Message 41 of 86 (405436)
06-12-2007 9:59 PM
Reply to: Message 38 by jhs
06-10-2007 2:21 PM


Re: It's official!
Mutation rate (a combination of UV-induced change and transcription error) is extremely low, c. 10 (superscript -8 to -9) - and mutation can affect any cell, not just gamets.
I didn't understand this in your paper, and I don't understand it now. When you say the "mutation rate" is "10^-8 or -9", 10^9 what? Mutations? Over what period of time, per what reference frame?
Page and Holmes' "Molecular Evolution: A Phylogenetic Approach" - a standard text in the field - says "Mutation rates are notoriously difficult to measure directly," so I wonder from what basis you're claiming this measurement. Furthermore, it cites a figure of 10^-9 synonymous substitutions (aka "neutral mutations") per base per year as a general figure for eukaryotes.
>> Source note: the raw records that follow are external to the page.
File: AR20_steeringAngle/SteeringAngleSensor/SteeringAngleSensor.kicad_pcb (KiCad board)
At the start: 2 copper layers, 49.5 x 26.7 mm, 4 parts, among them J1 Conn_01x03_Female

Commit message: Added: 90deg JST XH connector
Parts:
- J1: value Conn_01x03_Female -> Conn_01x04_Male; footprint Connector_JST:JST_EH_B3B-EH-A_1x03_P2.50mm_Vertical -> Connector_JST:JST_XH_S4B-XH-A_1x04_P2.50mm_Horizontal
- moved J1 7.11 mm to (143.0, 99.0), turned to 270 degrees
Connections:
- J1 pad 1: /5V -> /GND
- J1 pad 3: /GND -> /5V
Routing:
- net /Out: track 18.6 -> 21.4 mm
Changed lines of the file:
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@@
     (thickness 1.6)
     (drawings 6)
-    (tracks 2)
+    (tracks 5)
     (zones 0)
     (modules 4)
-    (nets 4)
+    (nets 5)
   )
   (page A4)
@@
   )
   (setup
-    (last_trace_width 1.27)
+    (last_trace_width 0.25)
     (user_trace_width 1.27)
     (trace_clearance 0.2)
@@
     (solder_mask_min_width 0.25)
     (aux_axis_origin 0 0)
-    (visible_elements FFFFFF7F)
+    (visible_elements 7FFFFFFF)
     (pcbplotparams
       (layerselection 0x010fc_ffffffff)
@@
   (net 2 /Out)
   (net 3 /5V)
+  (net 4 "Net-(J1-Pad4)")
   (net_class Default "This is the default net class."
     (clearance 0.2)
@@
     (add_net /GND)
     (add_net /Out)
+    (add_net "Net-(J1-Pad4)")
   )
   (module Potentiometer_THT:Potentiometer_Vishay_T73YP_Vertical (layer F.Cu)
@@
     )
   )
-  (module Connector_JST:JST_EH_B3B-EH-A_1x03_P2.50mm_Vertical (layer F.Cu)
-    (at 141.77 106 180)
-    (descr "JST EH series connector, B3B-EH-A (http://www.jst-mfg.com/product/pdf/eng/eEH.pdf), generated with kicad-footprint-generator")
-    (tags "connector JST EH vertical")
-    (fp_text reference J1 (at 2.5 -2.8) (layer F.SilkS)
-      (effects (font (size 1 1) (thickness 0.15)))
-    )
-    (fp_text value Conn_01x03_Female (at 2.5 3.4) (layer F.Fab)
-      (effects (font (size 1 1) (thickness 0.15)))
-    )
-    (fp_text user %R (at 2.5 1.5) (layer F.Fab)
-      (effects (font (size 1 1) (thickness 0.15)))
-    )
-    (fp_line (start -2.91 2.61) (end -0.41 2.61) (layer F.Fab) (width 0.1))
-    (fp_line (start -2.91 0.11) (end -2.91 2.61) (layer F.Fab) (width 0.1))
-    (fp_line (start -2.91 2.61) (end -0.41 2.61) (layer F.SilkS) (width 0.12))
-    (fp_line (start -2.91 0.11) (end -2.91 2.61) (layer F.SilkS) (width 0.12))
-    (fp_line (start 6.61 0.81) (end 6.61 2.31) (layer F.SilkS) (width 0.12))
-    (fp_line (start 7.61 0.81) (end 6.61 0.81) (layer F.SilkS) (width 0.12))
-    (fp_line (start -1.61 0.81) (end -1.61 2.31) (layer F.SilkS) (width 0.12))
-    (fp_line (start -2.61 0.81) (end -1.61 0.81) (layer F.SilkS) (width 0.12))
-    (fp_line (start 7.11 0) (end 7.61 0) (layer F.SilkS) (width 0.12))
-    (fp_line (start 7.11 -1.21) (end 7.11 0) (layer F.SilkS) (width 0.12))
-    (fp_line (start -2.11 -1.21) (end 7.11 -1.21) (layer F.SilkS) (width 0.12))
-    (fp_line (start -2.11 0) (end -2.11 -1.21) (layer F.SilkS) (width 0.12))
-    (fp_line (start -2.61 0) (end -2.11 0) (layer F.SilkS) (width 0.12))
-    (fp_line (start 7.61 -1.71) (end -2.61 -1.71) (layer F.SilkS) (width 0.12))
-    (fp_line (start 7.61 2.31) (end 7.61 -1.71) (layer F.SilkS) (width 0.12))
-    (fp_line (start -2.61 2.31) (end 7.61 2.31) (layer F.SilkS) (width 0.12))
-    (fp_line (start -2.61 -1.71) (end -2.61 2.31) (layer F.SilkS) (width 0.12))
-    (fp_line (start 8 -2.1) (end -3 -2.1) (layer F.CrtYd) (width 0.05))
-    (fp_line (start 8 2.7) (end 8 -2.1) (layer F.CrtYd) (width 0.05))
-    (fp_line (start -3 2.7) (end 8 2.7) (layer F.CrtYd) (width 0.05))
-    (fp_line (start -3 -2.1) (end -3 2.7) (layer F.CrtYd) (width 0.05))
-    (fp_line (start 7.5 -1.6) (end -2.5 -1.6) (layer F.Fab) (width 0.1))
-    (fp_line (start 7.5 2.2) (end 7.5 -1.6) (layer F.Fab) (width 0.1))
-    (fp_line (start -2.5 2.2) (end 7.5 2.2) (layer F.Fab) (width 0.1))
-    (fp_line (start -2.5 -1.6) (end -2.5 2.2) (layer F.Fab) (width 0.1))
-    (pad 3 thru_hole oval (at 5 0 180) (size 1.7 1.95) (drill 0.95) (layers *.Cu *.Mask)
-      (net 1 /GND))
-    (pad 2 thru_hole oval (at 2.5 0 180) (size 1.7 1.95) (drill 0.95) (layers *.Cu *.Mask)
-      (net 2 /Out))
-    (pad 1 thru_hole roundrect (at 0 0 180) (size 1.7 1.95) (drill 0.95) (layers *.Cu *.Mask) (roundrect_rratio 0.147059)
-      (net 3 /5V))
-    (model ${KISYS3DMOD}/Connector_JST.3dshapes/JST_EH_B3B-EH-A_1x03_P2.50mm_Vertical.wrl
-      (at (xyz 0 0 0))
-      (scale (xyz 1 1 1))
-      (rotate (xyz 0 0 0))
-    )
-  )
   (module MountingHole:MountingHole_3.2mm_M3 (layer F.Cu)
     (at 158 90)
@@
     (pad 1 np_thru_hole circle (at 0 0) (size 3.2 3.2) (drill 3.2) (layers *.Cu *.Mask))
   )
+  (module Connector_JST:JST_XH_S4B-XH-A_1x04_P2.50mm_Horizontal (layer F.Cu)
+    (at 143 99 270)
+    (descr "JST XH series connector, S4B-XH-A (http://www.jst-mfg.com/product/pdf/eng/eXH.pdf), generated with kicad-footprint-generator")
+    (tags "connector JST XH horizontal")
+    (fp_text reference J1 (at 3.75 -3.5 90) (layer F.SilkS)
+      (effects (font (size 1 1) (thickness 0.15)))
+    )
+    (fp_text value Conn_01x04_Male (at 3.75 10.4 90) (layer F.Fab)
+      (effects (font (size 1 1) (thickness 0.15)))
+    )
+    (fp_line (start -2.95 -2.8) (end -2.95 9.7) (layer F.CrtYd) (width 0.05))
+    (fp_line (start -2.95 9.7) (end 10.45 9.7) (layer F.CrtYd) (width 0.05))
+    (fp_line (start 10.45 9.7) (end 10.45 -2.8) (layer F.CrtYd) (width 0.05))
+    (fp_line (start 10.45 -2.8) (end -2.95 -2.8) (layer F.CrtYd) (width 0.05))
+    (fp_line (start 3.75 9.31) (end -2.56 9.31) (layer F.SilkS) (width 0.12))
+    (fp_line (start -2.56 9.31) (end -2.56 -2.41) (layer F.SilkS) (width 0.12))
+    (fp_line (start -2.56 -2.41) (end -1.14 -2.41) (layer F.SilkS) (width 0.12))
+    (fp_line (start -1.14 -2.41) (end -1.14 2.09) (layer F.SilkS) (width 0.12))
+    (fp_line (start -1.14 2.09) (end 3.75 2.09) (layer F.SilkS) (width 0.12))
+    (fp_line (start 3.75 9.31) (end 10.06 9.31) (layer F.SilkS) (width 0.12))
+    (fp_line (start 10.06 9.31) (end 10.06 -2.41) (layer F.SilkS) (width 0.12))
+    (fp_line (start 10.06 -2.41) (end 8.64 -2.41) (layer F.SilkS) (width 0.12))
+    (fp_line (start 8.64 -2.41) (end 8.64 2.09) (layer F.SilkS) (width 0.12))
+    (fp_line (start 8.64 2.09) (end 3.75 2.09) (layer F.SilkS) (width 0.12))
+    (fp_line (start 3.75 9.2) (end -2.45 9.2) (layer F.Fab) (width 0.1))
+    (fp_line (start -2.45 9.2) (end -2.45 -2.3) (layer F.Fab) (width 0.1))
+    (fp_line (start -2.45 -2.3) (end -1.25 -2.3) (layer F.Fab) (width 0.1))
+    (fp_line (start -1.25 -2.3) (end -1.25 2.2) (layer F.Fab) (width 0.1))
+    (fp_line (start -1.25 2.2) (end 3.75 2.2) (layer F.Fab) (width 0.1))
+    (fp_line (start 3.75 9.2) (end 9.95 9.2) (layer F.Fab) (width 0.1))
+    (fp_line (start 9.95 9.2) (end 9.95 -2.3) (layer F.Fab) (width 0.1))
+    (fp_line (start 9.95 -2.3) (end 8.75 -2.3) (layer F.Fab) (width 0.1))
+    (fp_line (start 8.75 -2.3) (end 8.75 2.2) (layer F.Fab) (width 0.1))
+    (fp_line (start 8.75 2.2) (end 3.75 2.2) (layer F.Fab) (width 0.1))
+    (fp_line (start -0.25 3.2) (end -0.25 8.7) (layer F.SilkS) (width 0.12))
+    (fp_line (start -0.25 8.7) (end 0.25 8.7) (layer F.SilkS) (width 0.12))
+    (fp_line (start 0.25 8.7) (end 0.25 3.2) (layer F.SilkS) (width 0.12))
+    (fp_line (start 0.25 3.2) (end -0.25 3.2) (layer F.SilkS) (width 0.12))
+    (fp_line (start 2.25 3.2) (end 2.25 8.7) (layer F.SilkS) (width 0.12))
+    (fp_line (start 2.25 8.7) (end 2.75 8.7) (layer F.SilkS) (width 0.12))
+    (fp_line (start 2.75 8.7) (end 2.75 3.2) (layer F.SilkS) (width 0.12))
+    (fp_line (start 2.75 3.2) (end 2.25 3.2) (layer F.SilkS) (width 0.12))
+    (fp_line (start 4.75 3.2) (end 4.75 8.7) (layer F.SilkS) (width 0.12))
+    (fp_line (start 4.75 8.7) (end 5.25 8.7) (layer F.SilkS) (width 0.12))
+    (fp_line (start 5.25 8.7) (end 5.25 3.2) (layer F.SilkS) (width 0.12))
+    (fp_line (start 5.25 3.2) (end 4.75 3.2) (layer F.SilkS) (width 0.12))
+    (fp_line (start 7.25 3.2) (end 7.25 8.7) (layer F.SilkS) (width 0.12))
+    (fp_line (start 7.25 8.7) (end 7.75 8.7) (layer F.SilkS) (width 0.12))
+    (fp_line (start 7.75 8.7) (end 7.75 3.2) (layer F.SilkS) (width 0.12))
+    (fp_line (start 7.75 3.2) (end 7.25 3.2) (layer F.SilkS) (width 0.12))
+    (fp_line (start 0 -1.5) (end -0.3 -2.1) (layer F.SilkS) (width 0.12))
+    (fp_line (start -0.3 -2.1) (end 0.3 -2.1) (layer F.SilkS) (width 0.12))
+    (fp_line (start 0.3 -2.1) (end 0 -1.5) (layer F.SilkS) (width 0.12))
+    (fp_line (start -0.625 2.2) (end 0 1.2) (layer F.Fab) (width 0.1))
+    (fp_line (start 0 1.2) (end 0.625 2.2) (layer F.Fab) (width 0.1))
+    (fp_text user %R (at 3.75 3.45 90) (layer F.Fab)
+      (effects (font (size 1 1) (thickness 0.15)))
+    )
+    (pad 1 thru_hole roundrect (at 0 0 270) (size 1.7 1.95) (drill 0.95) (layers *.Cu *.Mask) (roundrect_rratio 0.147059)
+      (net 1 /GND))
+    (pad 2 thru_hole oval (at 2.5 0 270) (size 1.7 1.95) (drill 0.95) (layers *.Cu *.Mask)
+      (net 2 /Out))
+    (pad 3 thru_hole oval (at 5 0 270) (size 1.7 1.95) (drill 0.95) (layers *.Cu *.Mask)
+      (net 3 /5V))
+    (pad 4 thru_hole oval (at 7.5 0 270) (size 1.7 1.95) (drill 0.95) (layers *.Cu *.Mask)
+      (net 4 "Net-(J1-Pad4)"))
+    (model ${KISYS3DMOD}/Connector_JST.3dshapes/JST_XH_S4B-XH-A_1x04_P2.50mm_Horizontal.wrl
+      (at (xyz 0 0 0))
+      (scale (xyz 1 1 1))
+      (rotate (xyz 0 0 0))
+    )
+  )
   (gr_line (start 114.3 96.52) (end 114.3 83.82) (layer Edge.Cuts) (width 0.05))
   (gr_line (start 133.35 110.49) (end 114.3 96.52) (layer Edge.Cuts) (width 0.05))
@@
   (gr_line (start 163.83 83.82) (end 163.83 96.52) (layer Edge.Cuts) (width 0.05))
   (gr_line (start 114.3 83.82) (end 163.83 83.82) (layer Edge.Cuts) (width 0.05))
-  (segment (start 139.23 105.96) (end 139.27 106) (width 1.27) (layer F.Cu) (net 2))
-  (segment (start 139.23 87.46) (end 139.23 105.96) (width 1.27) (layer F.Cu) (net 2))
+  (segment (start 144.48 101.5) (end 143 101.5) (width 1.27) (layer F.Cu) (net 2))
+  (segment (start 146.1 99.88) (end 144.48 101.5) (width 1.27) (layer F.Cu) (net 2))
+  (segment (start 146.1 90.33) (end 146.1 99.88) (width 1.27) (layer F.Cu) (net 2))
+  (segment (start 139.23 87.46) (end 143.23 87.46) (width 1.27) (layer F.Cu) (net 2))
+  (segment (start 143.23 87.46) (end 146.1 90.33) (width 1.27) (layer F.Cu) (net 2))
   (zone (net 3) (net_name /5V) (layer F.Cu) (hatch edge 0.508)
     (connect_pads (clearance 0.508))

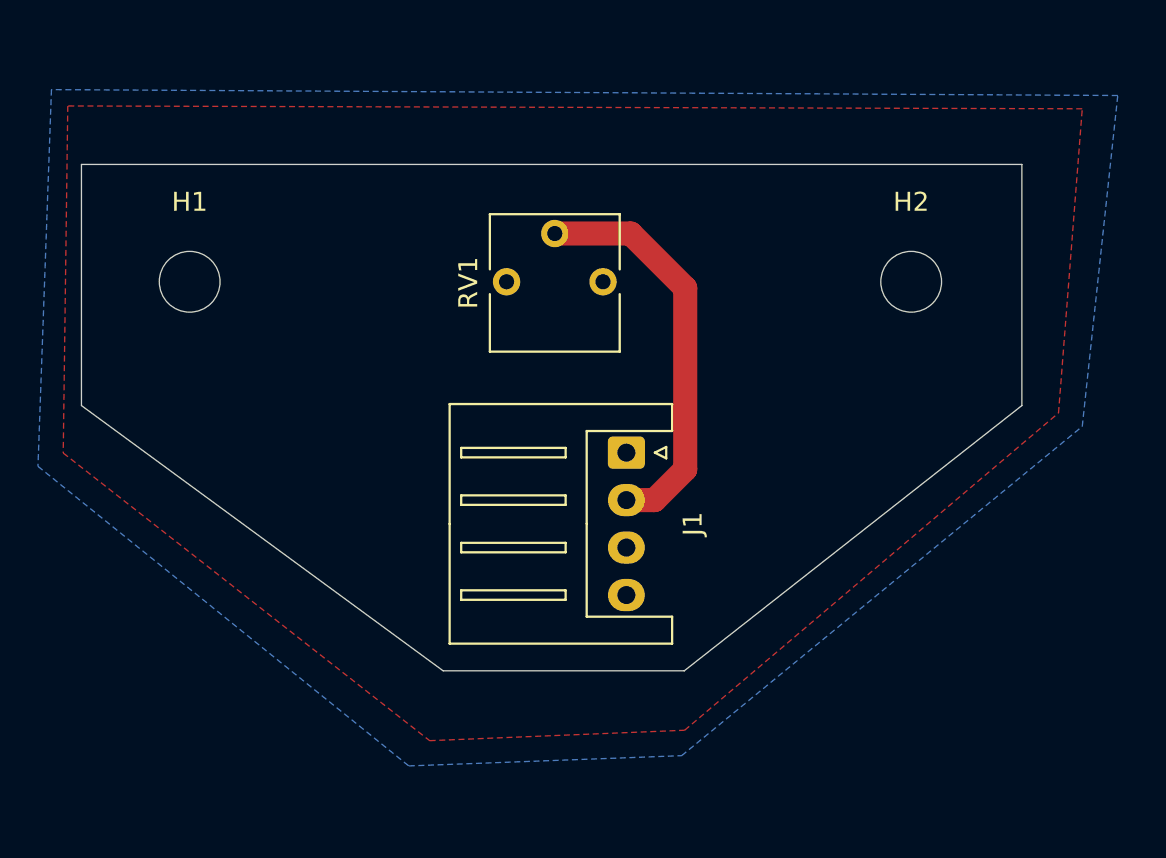
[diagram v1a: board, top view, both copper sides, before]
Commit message: Changed size due to 10x10mm potmeter
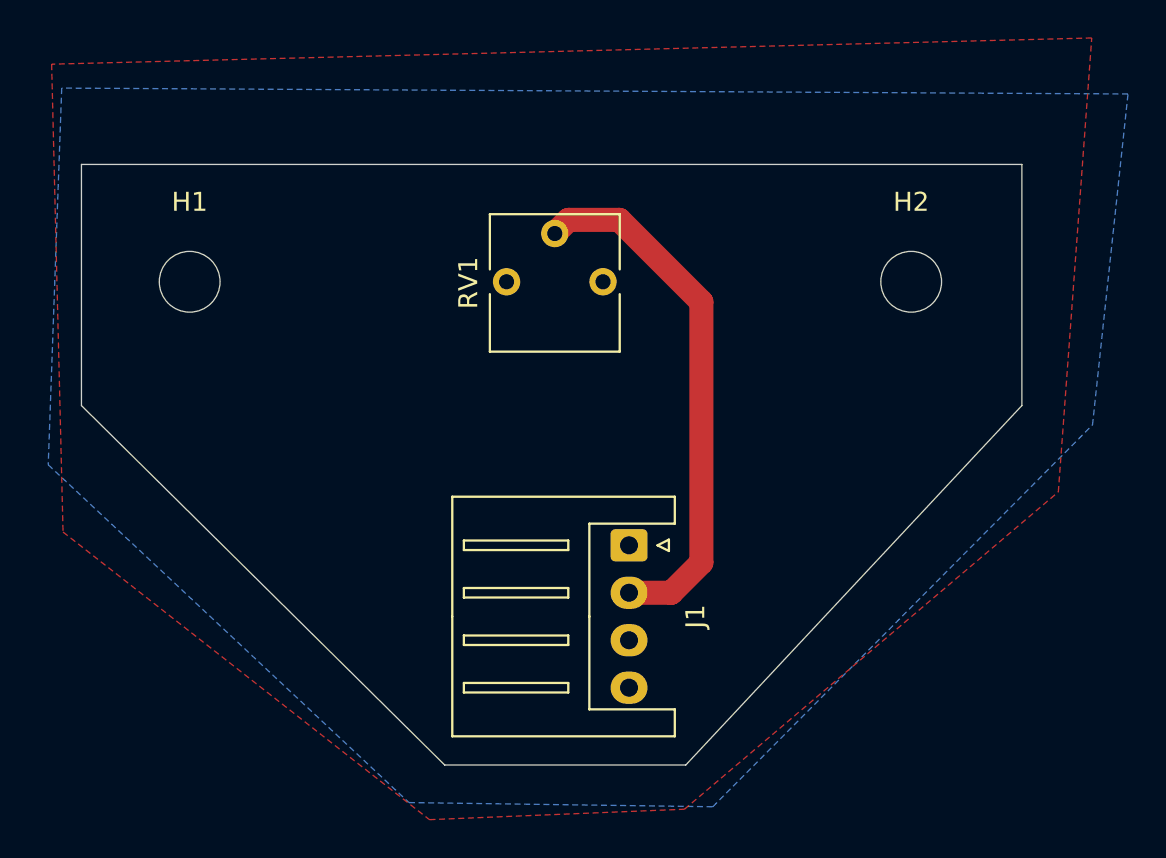
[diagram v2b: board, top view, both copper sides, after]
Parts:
- moved J1 4.88 mm to (143.1, 103.9)
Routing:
- net /Out: track 21.4 -> 28.0 mm
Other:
- board size 49.5 x 26.7 mm -> 49.5 x 31.6 mm
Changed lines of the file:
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@@
     (thickness 1.6)
     (drawings 6)
-    (tracks 5)
+    (tracks 6)
     (zones 0)
     (modules 4)
@@
   )
   (setup
-    (last_trace_width 0.25)
+    (last_trace_width 1.27)
     (user_trace_width 1.27)
     (trace_clearance 0.2)
@@
   )
   (module Connector_JST:JST_XH_S4B-XH-A_1x04_P2.50mm_Horizontal (layer F.Cu)
-    (at 143 99 270)
+    (at 143.14 103.88 270)
     (descr "JST XH series connector, S4B-XH-A (http://www.jst-mfg.com/product/pdf/eng/eXH.pdf), generated with kicad-footprint-generator")
     (tags "connector JST XH horizontal")
@@
   )
   (gr_line (start 114.3 96.52) (end 114.3 83.82) (layer Edge.Cuts) (width 0.05))
-  (gr_line (start 133.35 110.49) (end 114.3 96.52) (layer Edge.Cuts) (width 0.05))
-  (gr_line (start 146.05 110.49) (end 133.35 110.49) (layer Edge.Cuts) (width 0.05))
-  (gr_line (start 163.83 96.52) (end 146.05 110.49) (layer Edge.Cuts) (width 0.05))
+  (gr_line (start 133.43 115.45) (end 114.3 96.52) (layer Edge.Cuts) (width 0.05))
+  (gr_line (start 146.13 115.45) (end 133.43 115.45) (layer Edge.Cuts) (width 0.05))
+  (gr_line (start 163.83 96.52) (end 146.13 115.45) (layer Edge.Cuts) (width 0.05))
   (gr_line (start 163.83 83.82) (end 163.83 96.52) (layer Edge.Cuts) (width 0.05))
   (gr_line (start 114.3 83.82) (end 163.83 83.82) (layer Edge.Cuts) (width 0.05))
-  (segment (start 144.48 101.5) (end 143 101.5) (width 1.27) (layer F.Cu) (net 2))
-  (segment (start 146.1 99.88) (end 144.48 101.5) (width 1.27) (layer F.Cu) (net 2))
-  (segment (start 146.1 90.33) (end 146.1 99.88) (width 1.27) (layer F.Cu) (net 2))
-  (segment (start 139.23 87.46) (end 143.23 87.46) (width 1.27) (layer F.Cu) (net 2))
-  (segment (start 143.23 87.46) (end 146.1 90.33) (width 1.27) (layer F.Cu) (net 2))
+  (segment (start 145.36 106.38) (end 143.14 106.38) (width 1.27) (layer F.Cu) (net 2))
+  (segment (start 146.95 104.79) (end 145.36 106.38) (width 1.27) (layer F.Cu) (net 2))
+  (segment (start 146.95 91.06) (end 146.95 104.79) (width 1.27) (layer F.Cu) (net 2))
+  (segment (start 142.630001 86.740001) (end 146.95 91.06) (width 1.27) (layer F.Cu) (net 2))
+  (segment (start 139.23 87.46) (end 139.949999 86.740001) (width 1.27) (layer F.Cu) (net 2))
+  (segment (start 139.949999 86.740001) (end 142.630001 86.740001) (width 1.27) (layer F.Cu) (net 2))
   (zone (net 3) (net_name /5V) (layer F.Cu) (hatch edge 0.508)
     (connect_pads (clearance 0.508))
@@
     (polygon
       (pts
-        (xy 167.01 80.89) (xy 113.58 80.74) (xy 113.34 99.02) (xy 132.64 114.17) (xy 146.07 113.62)
-        (xy 165.76 96.91)
+        (xy 167.51 77.16) (xy 112.73 78.54) (xy 113.33 103.18) (xy 132.63 118.33) (xy 146.06 117.78)
+        (xy 165.75 101.07)
       )
     )
@@
     (polygon
       (pts
-        (xy 168.88 80.19) (xy 112.72 79.88) (xy 112.01 99.72) (xy 131.54 115.5) (xy 145.91 114.96)
-        (xy 167.01 97.62)
+        (xy 169.42 80.11) (xy 113.26 79.8) (xy 112.55 99.64) (xy 131.55 117.43) (xy 147.55 117.65)
+        (xy 167.55 97.54)
       )
     )

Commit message: Generated Gerber
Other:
- rule via_min_size: 0.4 -> 0.6
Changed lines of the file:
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@@
   )
   (setup
-    (last_trace_width 1.27)
+    (last_trace_width 0.25)
     (user_trace_width 1.27)
     (trace_clearance 0.2)
@@
     (via_size 0.8)
     (via_drill 0.4)
-    (via_min_size 0.4)
+    (via_min_size 0.6)
     (via_min_drill 0.3)
     (uvia_size 0.3)
@@
       (outputformat 1)
       (mirror false)
-      (drillshape 1)
+      (drillshape 0)
       (scaleselection 1)
-      (outputdirectory ""))
+      (outputdirectory "Gerber/"))
   )
   (net 0 "")

Is that the measurement you're referring to? With a human genome consisting of over 3 billion base pairs in every cell, that's between 1-4 synonymous substitutions per cell per year, which would add up to a considerable number of mutations by the time an organism is able to reproduce, even discounting somatic cell mutations. While it's been abundantly clear for a very long time now that mutation is not the primary motivator of morphological variation among individuals, it seems premature at this point to assert that mutations are so rare that they have no place in explanations of the origins of biological novelty, as you seem to be doing.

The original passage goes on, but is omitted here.